SOURCE MATERIAL
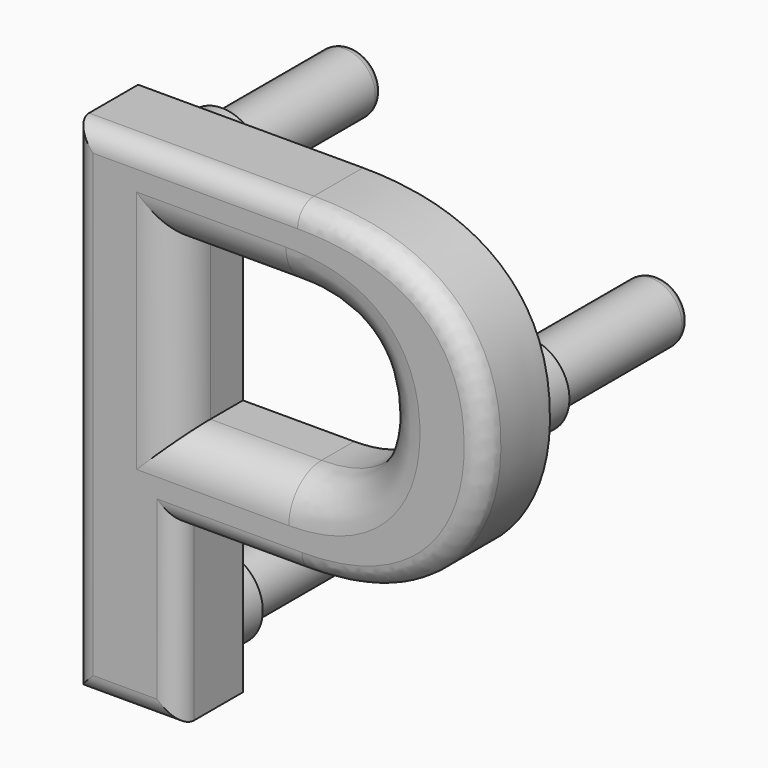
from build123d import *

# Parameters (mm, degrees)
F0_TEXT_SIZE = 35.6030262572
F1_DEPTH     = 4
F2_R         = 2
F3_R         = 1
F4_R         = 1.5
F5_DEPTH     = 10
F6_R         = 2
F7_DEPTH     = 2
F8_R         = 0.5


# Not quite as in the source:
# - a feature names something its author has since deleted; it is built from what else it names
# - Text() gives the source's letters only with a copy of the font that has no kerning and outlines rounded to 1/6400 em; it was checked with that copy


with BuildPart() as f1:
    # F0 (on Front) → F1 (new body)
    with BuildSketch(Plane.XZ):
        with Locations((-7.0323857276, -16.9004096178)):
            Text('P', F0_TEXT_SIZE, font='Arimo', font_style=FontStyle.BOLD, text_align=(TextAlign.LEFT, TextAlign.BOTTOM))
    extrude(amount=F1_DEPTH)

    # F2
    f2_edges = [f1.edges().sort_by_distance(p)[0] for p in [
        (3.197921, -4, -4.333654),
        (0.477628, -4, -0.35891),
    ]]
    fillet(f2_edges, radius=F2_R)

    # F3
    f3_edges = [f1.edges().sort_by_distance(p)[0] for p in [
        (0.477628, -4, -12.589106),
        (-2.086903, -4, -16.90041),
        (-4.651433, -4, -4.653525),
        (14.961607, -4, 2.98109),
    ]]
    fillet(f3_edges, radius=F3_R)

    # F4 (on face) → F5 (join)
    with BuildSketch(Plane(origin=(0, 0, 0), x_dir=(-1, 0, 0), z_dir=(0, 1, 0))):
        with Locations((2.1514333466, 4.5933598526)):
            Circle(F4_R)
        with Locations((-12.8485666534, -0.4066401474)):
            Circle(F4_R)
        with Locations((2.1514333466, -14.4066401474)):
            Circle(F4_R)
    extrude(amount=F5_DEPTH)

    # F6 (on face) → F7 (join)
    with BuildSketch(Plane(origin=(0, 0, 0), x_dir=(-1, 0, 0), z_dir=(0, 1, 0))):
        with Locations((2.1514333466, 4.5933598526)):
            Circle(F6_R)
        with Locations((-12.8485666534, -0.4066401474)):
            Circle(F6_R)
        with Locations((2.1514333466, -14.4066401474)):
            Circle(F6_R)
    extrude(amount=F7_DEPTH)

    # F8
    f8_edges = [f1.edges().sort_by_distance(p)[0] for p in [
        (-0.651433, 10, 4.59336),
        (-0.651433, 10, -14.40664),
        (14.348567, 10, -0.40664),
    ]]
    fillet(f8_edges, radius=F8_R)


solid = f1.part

TASK INSTRUCTIONS
Which of the lines above mention the word "fillet"? Pull those lines out.

RESULT
    fillet(f2_edges, radius=F2_R)
    fillet(f3_edges, radius=F3_R)
    fillet(f8_edges, radius=F8_R)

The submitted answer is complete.